START Extracted records

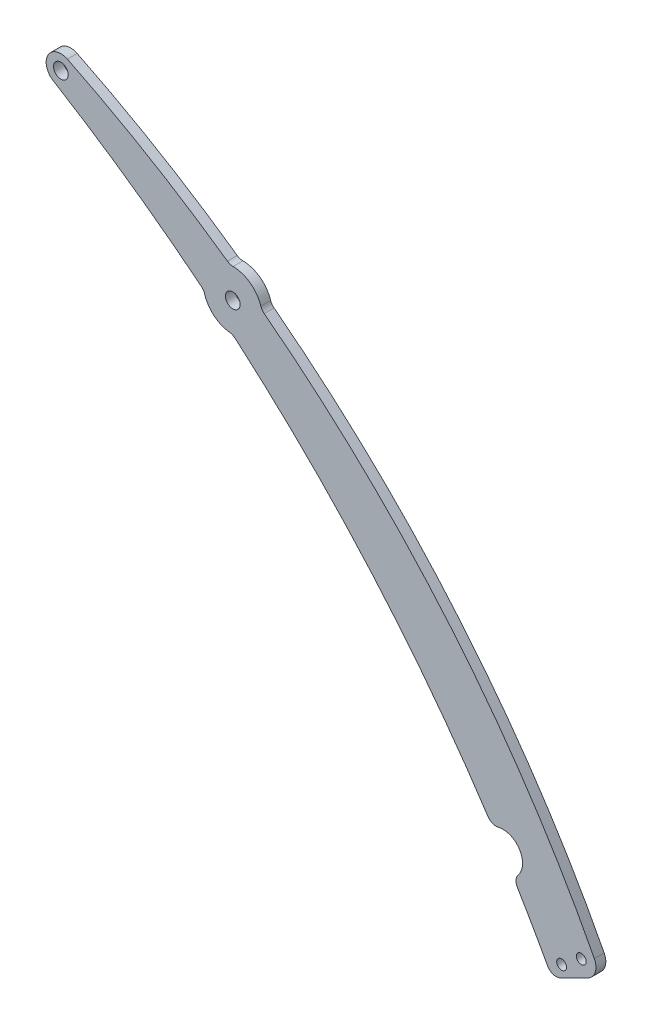
ISO-10303-21;
HEADER;
FILE_DESCRIPTION(('STEP AP214'),'2;1');
FILE_NAME('part.step','',(''),(''),'','','');
FILE_SCHEMA(('AUTOMOTIVE_DESIGN { 1 0 10303 214 1 1 1 1 }'));
ENDSEC;
DATA;
#1=APPLICATION_CONTEXT('core data for automotive mechanical design processes');
#2=APPLICATION_PROTOCOL_DEFINITION('international standard','automotive_design',2000,#1);
#3=PRODUCT_CONTEXT('',#1,'mechanical');
#4=PRODUCT('Part','Part','',(#3));
#5=PRODUCT_RELATED_PRODUCT_CATEGORY('part','',(#4));
#6=PRODUCT_DEFINITION_FORMATION('','',#4);
#7=PRODUCT_DEFINITION_CONTEXT('part definition',#1,'design');
#8=PRODUCT_DEFINITION('design','',#6,#7);
#9=PRODUCT_DEFINITION_SHAPE('','',#8);
#10=(LENGTH_UNIT() NAMED_UNIT(*) SI_UNIT(.MILLI.,.METRE.));
#11=(NAMED_UNIT(*) PLANE_ANGLE_UNIT() SI_UNIT($,.RADIAN.));
#12=(NAMED_UNIT(*) SI_UNIT($,.STERADIAN.) SOLID_ANGLE_UNIT());
#13=UNCERTAINTY_MEASURE_WITH_UNIT(LENGTH_MEASURE(1.E-05),#10,'distance_accuracy_value','');
#14=(GEOMETRIC_REPRESENTATION_CONTEXT(3) GLOBAL_UNCERTAINTY_ASSIGNED_CONTEXT((#13)) GLOBAL_UNIT_ASSIGNED_CONTEXT((#10,
#11,#12)) REPRESENTATION_CONTEXT('',''));
#15=CARTESIAN_POINT('',(0.,0.,0.));
#16=DIRECTION('',(0.,0.,1.));
#17=DIRECTION('',(1.,0.,0.));
#18=AXIS2_PLACEMENT_3D('',#15,#16,#17);
#19=CARTESIAN_POINT('',(-104.441646141028,-212.746192801075,2.));
#20=DIRECTION('',(0.,0.,-1.));
#21=DIRECTION('',(-1.,0.,0.));
#22=AXIS2_PLACEMENT_3D('',#19,#20,#21);
#23=PLANE('',#22);
#24=CARTESIAN_POINT('',(-104.441646141028,-212.746192801075,2.));
#25=DIRECTION('',(0.,0.,1.));
#26=DIRECTION('',(-1.,0.,0.));
#27=AXIS2_PLACEMENT_3D('',#24,#25,#26);
#28=CIRCLE('',#27,240.);
#29=CARTESIAN_POINT('',(33.906457746994,-16.6344844545589,2.));
#30=VERTEX_POINT('',#29);
#31=CARTESIAN_POINT('',(1.32204615368389,2.69298978229209,2.));
#32=VERTEX_POINT('',#31);
#33=EDGE_CURVE('E226',#30,#32,#28,.T.);
#34=ORIENTED_EDGE('',*,*,#33,.T.);
#35=CARTESIAN_POINT('',(0.,0.,2.));
#36=DIRECTION('',(0.,0.,1.));
#37=DIRECTION('',(1.,0.,0.));
#38=AXIS2_PLACEMENT_3D('',#35,#36,#37);
#39=CIRCLE('',#38,3.);
#40=CARTESIAN_POINT('',(-1.55871058061747,-2.56328330971649,2.));
#41=VERTEX_POINT('',#40);
#42=EDGE_CURVE('E124',#32,#41,#39,.T.);
#43=ORIENTED_EDGE('',*,*,#42,.T.);
#44=CARTESIAN_POINT('',(-147.038364771582,-241.803058883256,2.));
#45=DIRECTION('',(0.,0.,-1.));
#46=DIRECTION('',(-1.,0.,0.));
#47=AXIS2_PLACEMENT_3D('',#44,#45,#46);
#48=CIRCLE('',#47,280.);
#49=CARTESIAN_POINT('',(28.589143834394,-23.7320194927445,2.));
#50=VERTEX_POINT('',#49);
#51=EDGE_CURVE('E271',#41,#50,#48,.T.);
#52=ORIENTED_EDGE('',*,*,#51,.T.);
#53=CARTESIAN_POINT('',(27.3346616300656,-25.2896697741052,2.));
#54=DIRECTION('',(0.,0.,-1.));
#55=DIRECTION('',(-1.,0.,0.));
#56=AXIS2_PLACEMENT_3D('',#53,#54,#55);
#57=CIRCLE('',#56,2.);
#58=CARTESIAN_POINT('',(29.2509962225486,-24.7172523305791,2.));
#59=VERTEX_POINT('',#58);
#60=EDGE_CURVE('E290',#50,#59,#57,.T.);
#61=ORIENTED_EDGE('',*,*,#60,.T.);
#62=CARTESIAN_POINT('',(35.,-23.,2.));
#63=DIRECTION('',(0.,0.,1.));
#64=DIRECTION('',(1.,0.,0.));
#65=AXIS2_PLACEMENT_3D('',#62,#63,#64);
#66=CIRCLE('',#65,6.00000000000246);
#67=CARTESIAN_POINT('',(34.3571848035066,-28.9654663374448,2.));
#68=VERTEX_POINT('',#67);
#69=EDGE_CURVE('E287',#59,#68,#66,.T.);
#70=ORIENTED_EDGE('',*,*,#69,.T.);
#71=CARTESIAN_POINT('',(34.1429130713422,-30.9539551165922,2.));
#72=DIRECTION('',(0.,0.,-1.));
#73=DIRECTION('',(1.,0.,0.));
#74=AXIS2_PLACEMENT_3D('',#71,#72,#73);
#75=CIRCLE('',#74,2.);
#76=CARTESIAN_POINT('',(35.4463755018668,-29.4370550894939,2.));
#77=VERTEX_POINT('',#76);
#78=EDGE_CURVE('E289',#68,#77,#75,.T.);
#79=ORIENTED_EDGE('',*,*,#78,.T.);
#80=CARTESIAN_POINT('',(-147.038364771582,-241.803058883256,2.));
#81=DIRECTION('',(0.,0.,-1.));
#82=DIRECTION('',(-1.,0.,0.));
#83=AXIS2_PLACEMENT_3D('',#80,#81,#82);
#84=CIRCLE('',#83,280.);
#85=CARTESIAN_POINT('',(86.9517610214961,-88.0219773701524,2.));
#86=VERTEX_POINT('',#85);
#87=EDGE_CURVE('E292',#77,#86,#84,.T.);
#88=ORIENTED_EDGE('',*,*,#87,.T.);
#89=CARTESIAN_POINT('',(88.6231190628752,-86.9235410736303,2.));
#90=DIRECTION('',(0.,0.,1.));
#91=DIRECTION('',(-1.,0.,0.));
#92=AXIS2_PLACEMENT_3D('',#89,#90,#91);
#93=CIRCLE('',#92,2.);
#94=CARTESIAN_POINT('',(89.0820793752501,-88.8701677537271,2.));
#95=VERTEX_POINT('',#94);
#96=EDGE_CURVE('E298',#86,#95,#93,.T.);
#97=ORIENTED_EDGE('',*,*,#96,.T.);
#98=CARTESIAN_POINT('',(90.,-92.7634211139207,2.));
#99=DIRECTION('',(0.,0.,-1.));
#100=DIRECTION('',(-1.,0.,0.));
#101=AXIS2_PLACEMENT_3D('',#98,#99,#100);
#102=CIRCLE('',#101,3.99999999999999);
#103=CARTESIAN_POINT('',(93.1109286253578,-95.2778043559762,2.));
#104=VERTEX_POINT('',#103);
#105=EDGE_CURVE('E300',#95,#104,#102,.T.);
#106=ORIENTED_EDGE('',*,*,#105,.T.);
#107=CARTESIAN_POINT('',(94.6663929380367,-96.5349959770039,2.));
#108=DIRECTION('',(0.,0.,1.));
#109=DIRECTION('',(1.,0.,0.));
#110=AXIS2_PLACEMENT_3D('',#107,#108,#109);
#111=CIRCLE('',#110,2.);
#112=CARTESIAN_POINT('',(92.9521747982521,-97.5652659266937,2.));
#113=VERTEX_POINT('',#112);
#114=EDGE_CURVE('E302',#104,#113,#111,.T.);
#115=ORIENTED_EDGE('',*,*,#114,.T.);
#116=CARTESIAN_POINT('',(-147.038364771582,-241.803058883256,2.));
#117=DIRECTION('',(0.,0.,-1.));
#118=DIRECTION('',(-1.,0.,0.));
#119=AXIS2_PLACEMENT_3D('',#116,#117,#118);
#120=CIRCLE('',#119,280.);
#121=CARTESIAN_POINT('',(99.0817764541614,-108.293223728611,2.));
#122=VERTEX_POINT('',#121);
#123=EDGE_CURVE('E304',#113,#122,#120,.T.);
#124=ORIENTED_EDGE('',*,*,#123,.T.);
#125=CARTESIAN_POINT('',(100.839777462917,-107.339582048935,2.));
#126=DIRECTION('',(0.,0.,1.));
#127=DIRECTION('',(1.,0.,0.));
#128=AXIS2_PLACEMENT_3D('',#125,#126,#127);
#129=CIRCLE('',#128,1.99999999999999);
#130=CARTESIAN_POINT('',(101.737876551127,-109.126595766777,2.));
#131=VERTEX_POINT('',#130);
#132=EDGE_CURVE('E306',#122,#131,#129,.T.);
#133=ORIENTED_EDGE('',*,*,#132,.T.);
#134=DIRECTION('',(0.893506858920948,0.449049544105348,0.));
#135=VECTOR('',#134,1.);
#136=CARTESIAN_POINT('',(107.302513423485,-106.329977446844,2.));
#137=LINE('',#136,#135);
#138=CARTESIAN_POINT('',(107.302513423485,-106.329977446844,2.));
#139=VERTEX_POINT('',#138);
#140=EDGE_CURVE('E308',#131,#139,#137,.T.);
#141=ORIENTED_EDGE('',*,*,#140,.T.);
#142=CARTESIAN_POINT('',(105.955364791169,-103.649456870081,2.));
#143=DIRECTION('',(0.,0.,1.));
#144=DIRECTION('',(-1.,0.,0.));
#145=AXIS2_PLACEMENT_3D('',#142,#143,#144);
#146=CIRCLE('',#145,2.99999999999999);
#147=CARTESIAN_POINT('',(108.618618094108,-102.268485529183,2.));
#148=VERTEX_POINT('',#147);
#149=EDGE_CURVE('E310',#139,#148,#146,.T.);
#150=ORIENTED_EDGE('',*,*,#149,.T.);
#151=CARTESIAN_POINT('',(-104.441646141028,-212.746192801075,2.));
#152=DIRECTION('',(0.,0.,1.));
#153=DIRECTION('',(-1.,0.,0.));
#154=AXIS2_PLACEMENT_3D('',#151,#152,#153);
#155=CIRCLE('',#154,240.);
#156=CARTESIAN_POINT('',(41.4015934450764,-22.1425478542113,2.));
#157=VERTEX_POINT('',#156);
#158=EDGE_CURVE('E173',#148,#157,#155,.T.);
#159=ORIENTED_EDGE('',*,*,#158,.T.);
#160=CARTESIAN_POINT('',(42.6169537749606,-20.5541841463207,2.));
#161=DIRECTION('',(0.,0.,-1.));
#162=DIRECTION('',(-1.,0.,0.));
#163=AXIS2_PLACEMENT_3D('',#160,#161,#162);
#164=CIRCLE('',#163,2.);
#165=CARTESIAN_POINT('',(40.7127153312204,-21.1656381097406,2.));
#166=VERTEX_POINT('',#165);
#167=EDGE_CURVE('E167',#157,#166,#164,.T.);
#168=ORIENTED_EDGE('',*,*,#167,.T.);
#169=CARTESIAN_POINT('',(35.,-23.,2.));
#170=DIRECTION('',(0.,0.,1.));
#171=DIRECTION('',(1.,0.,0.));
#172=AXIS2_PLACEMENT_3D('',#169,#170,#171);
#173=CIRCLE('',#172,5.99999999999969);
#174=CARTESIAN_POINT('',(35.0445189595456,-17.0001651637535,2.));
#175=VERTEX_POINT('',#174);
#176=EDGE_CURVE('E171',#166,#175,#173,.T.);
#177=ORIENTED_EDGE('',*,*,#176,.T.);
#178=CARTESIAN_POINT('',(35.0593586127275,-15.0002202183379,2.));
#179=DIRECTION('',(0.,0.,-1.));
#180=DIRECTION('',(1.,0.,0.));
#181=AXIS2_PLACEMENT_3D('',#178,#179,#180);
#182=CIRCLE('',#181,2.);
#183=EDGE_CURVE('E51',#175,#30,#182,.T.);
#184=ORIENTED_EDGE('',*,*,#183,.T.);
#185=EDGE_LOOP('',(#34,#43,#52,#61,#70,#79,#88,#97,#106,#115,#124,#133,#141,#150,#159,#168,#177,#184));
#186=FACE_BOUND('',#185,.T.);
#187=CARTESIAN_POINT('',(0.,0.,2.));
#188=DIRECTION('',(0.,0.,1.));
#189=DIRECTION('',(1.,0.,0.));
#190=AXIS2_PLACEMENT_3D('',#187,#188,#189);
#191=CIRCLE('',#190,1.5);
#192=CARTESIAN_POINT('',(1.5,0.,2.));
#193=VERTEX_POINT('',#192);
#194=EDGE_CURVE('E195',#193,#193,#191,.T.);
#195=ORIENTED_EDGE('',*,*,#194,.F.);
#196=EDGE_LOOP('',(#195));
#197=FACE_BOUND('',#196,.T.);
#198=CARTESIAN_POINT('',(101.955364791169,-106.649456870081,2.));
#199=DIRECTION('',(0.,0.,1.));
#200=DIRECTION('',(1.,0.,0.));
#201=AXIS2_PLACEMENT_3D('',#198,#199,#200);
#202=CIRCLE('',#201,0.999999999999998);
#203=CARTESIAN_POINT('',(102.955364791169,-106.649456870081,2.));
#204=VERTEX_POINT('',#203);
#205=EDGE_CURVE('E374',#204,#204,#202,.T.);
#206=ORIENTED_EDGE('',*,*,#205,.F.);
#207=EDGE_LOOP('',(#206));
#208=FACE_BOUND('',#207,.T.);
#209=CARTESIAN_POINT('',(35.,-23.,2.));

END Extracted records

▸ **Exercise instructions**: The reply should consist solely of the lines above from the one that has "#45=DIRECTION('',(0.,0.,-1.));" through the one that has "#66=CIRCLE('',#65,6.00000000000246);", reproduced exactly.

▸ **Final answer**:
#45=DIRECTION('',(0.,0.,-1.));
#46=DIRECTION('',(-1.,0.,0.));
#47=AXIS2_PLACEMENT_3D('',#44,#45,#46);
#48=CIRCLE('',#47,280.);
#49=CARTESIAN_POINT('',(28.589143834394,-23.7320194927445,2.));
#50=VERTEX_POINT('',#49);
#51=EDGE_CURVE('E271',#41,#50,#48,.T.);
#52=ORIENTED_EDGE('',*,*,#51,.T.);
#53=CARTESIAN_POINT('',(27.3346616300656,-25.2896697741052,2.));
#54=DIRECTION('',(0.,0.,-1.));
#55=DIRECTION('',(-1.,0.,0.));
#56=AXIS2_PLACEMENT_3D('',#53,#54,#55);
#57=CIRCLE('',#56,2.);
#58=CARTESIAN_POINT('',(29.2509962225486,-24.7172523305791,2.));
#59=VERTEX_POINT('',#58);
#60=EDGE_CURVE('E290',#50,#59,#57,.T.);
#61=ORIENTED_EDGE('',*,*,#60,.T.);
#62=CARTESIAN_POINT('',(35.,-23.,2.));
#63=DIRECTION('',(0.,0.,1.));
#64=DIRECTION('',(1.,0.,0.));
#65=AXIS2_PLACEMENT_3D('',#62,#63,#64);
#66=CIRCLE('',#65,6.00000000000246);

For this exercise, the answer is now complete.